- Born: George Spence Melvin 20 February 1886 Aberdeen, Scotland
- Died: 2 December 1946 (aged 60) Datchet, Buckinghamshire, England
- Occupation(s): Comedian, pantomimist
- Years active: 1890s–1946

= G. S. Melvin =

Scottish pantomime dame and comedian

George Spence Melvin (20 February 1886 - 2 December 1946) was a Scottish music hall comedian and noted pantomime dame.

==Biography==
Melvin was born in Old Machar, Aberdeen, Scotland. His father was a stage actor and producer, and Melvin first appeared on stage at the age of five doing a parody of his father's act. Later, he performed as an Irish comedian under the name Hugh Donovan and collaborated with his father in the Garden and the Melvin Quintet before going solo.

Reverting to his birth name, he made his first London appearance in 1908, and was seen by an American agent who booked him on a tour of the Orpheum Circuit of vaudeville theatres. He made further tours of the U.S. in 1912 and 1924, and also performed in South Africa. Theatre historian Roy Busby described Melvin as "a clever artiste [who] appealed to both broad and subtle tastes in comedy; he was a great quick-change artist and a burlesque comedian... His music hall characters ranged from a Victorian dandy to a Clydeside stoker... ".

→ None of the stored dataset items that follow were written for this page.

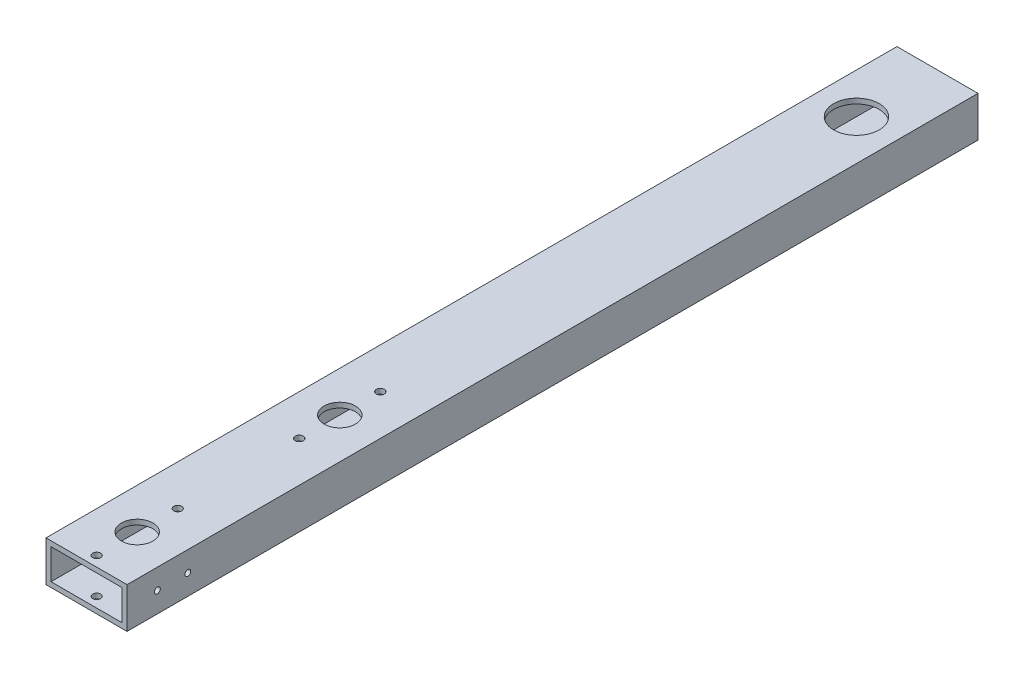
SolidWorks part; units mm, degrees
ref_plane "Front Plane" through (0, 0, 0) normal (0, 0, 1) x (1, 0, 0)
ref_plane "Top Plane" through (0, 0, 0) normal (0, 1, 0) x (1, 0, 0)
ref_plane "Right Plane" through (0, 0, 0) normal (1, 0, 0) x (0, 0, -1)
sketch "Sketch1" plane through (0, 0, 0) normal (0, 0, 1) x (1, 0, 0)
  line L1 (-25.4, -12.7) -> (25.4, -12.7)
  line L2 (-25.4, -12.7) -> (-25.4, 12.7)
  line L3 (-25.4, 12.7) -> (25.4, 12.7)
  line L4 (25.4, -12.7) -> (25.4, 12.7)
  line L5 (-25.4, -12.7) -> (25.4, 12.7) construction
  line L6 (-25.4, 12.7) -> (25.4, -12.7) construction
  point P0 (0, 0)
  dimension "D1" = 50.8
  dimension "D2" = 25.4
extrude "Boss-Extrude1" add sketch "Sketch1" along normal mid plane 533.4
sketch "Sketch2" plane through (0, 0, 266.7) normal (0, 0, 1) x (1, 0, 0)
  line L8 (22.225, -9.525) -> (22.225, 9.525)
  line L9 (22.225, 9.525) -> (-22.225, 9.525)
  line L10 (-22.225, 9.525) -> (-22.225, -9.525)
  line L11 (-22.225, -9.525) -> (22.225, -9.525)
  line L12 (22.225, -9.525) -> (22.225, 9.525)
  line L13 (22.225, 9.525) -> (-22.225, 9.525)
  line L14 (-22.225, 9.525) -> (-22.225, -9.525)
  line L15 (-22.225, -9.525) -> (22.225, -9.525)
  dimension "D1" = 3.175
extrude "Cut-Extrude1" cut sketch "Sketch2" against normal through all
sketch "Sketch5" plane through (0, 12.7, 0) normal (0, 1, 0) x (1, 0, 0)
  line L0 (25.4, -266.7) -> (25.4, 266.7) construction
  line L3 (0, 215.9) -> (0, -234.95) construction
  line L4 (22.225, -266.7) -> (-22.225, -266.7) construction
  circle A0 centre (0, -260.35) radius 2.4892
  circle A1 centre (0, -234.95) radius 9.8488
  circle A2 centre (0, -209.55) radius 2.4892
  circle A3 centre (0, 215.9) radius 14.2875
  point P14 (0, -266.7)
  dimension "D1" = 28.575
  dimension "D2" = 25.4
  dimension "D5" = 4.9784
  dimension "D6" = 19.6977
  dimension "D7" = 4.9784
  dimension "D8" = 25.4
  dimension "D3" = 450.85
  dimension "D9" = 25.4
  dimension "D10" = 6.35
extrude "Cut-Extrude2" cut sketch "Sketch5" against normal blind 508
sketch "Sketch7" plane through (0, 12.7, 0) normal (0, 1, 0) x (1, 0, 0)
  line L0 (-25.4, -266.7) -> (-25.4, 266.7) construction
  line L1 (0, -133.35) -> (0, -82.55) construction
  circle A0 centre (0, -107.95) radius 9.8488
  circle A1 centre (0, -234.95) radius 9.8488 construction
  circle A2 centre (0, -133.35) radius 2.5527
  circle A3 centre (0, -82.55) radius 2.5527
  dimension "D1" = 19.6977
  dimension "D2" = 127
  dimension "D4" = 5.1054
  dimension "D3" = 25.4
  dimension "D5" = 50.8
extrude "Cut-Extrude4" cut sketch "Sketch7" against normal through all
sketch "Sketch8" plane through (25.4, 0, 0) normal (1, 0, 0) x (0, 0, -1)
  line L0 (-266.7, -12.7) -> (-266.7, 12.7) construction
  circle A0 centre (-247.65, 0) radius 1.9812
  circle A1 centre (-228.6, 0) radius 1.9812
  dimension "D1" = 2
  dimension "D2" = 19.05
hole_wizard "#27 (0.144) Diameter Hole1" positions "Sketch10" profile "Sketch9" hole size "#27" standard "ANSI Inch" end condition through all
sketch "Sketch10" plane through (25.4, 0, 0) normal (1, 0, 0) x (0, 0, -1)
  point P0 (-247.65, 0)
  point P3 (-228.6, 0)
sketch "Sketch9" plane through (25.4, 0, 247.65) normal (0, 1, 0) x (0, 0, -1)
  line L0 (0, 0) -> (0, 50.8)
  line L1 (0, 50.8) -> (1.8288, 50.8)
  line L2 (1.8288, 50.8) -> (1.8288, 0)
  line L5 (1.8288, 0) -> (0, 0)
  line L11 (0, -6.35) -> (0, 107.95) construction
  dimension "Thru Hole Dia." = 3.6576
  dimension "Thru Hole Depth" = 50.8

Melvin was also a popular pantomime dame, especially at the Theatre Royal, Drury Lane. During the 1920s he developed a style of female impersonation, parodying hikers, girl guides, cyclists, and other devotees of outdoor activities. His songs included "I Like to Jump Upon a Bike", "Gladys, The Girl Guide", and "I'm Happy When I'm Hiking" (written by Ralph Butler and Raymond Wallace), which was adopted as a hikers' anthem. He performed in the Royal Variety Performances in 1921, 1932, and 1938.

He drowned in 1946, at the age of 60, in floods on the River Thames at Datchet in Buckinghamshire (now Berkshire) whilst appearing at the Drury Lane Theatre. His body was recovered downstream several weeks later.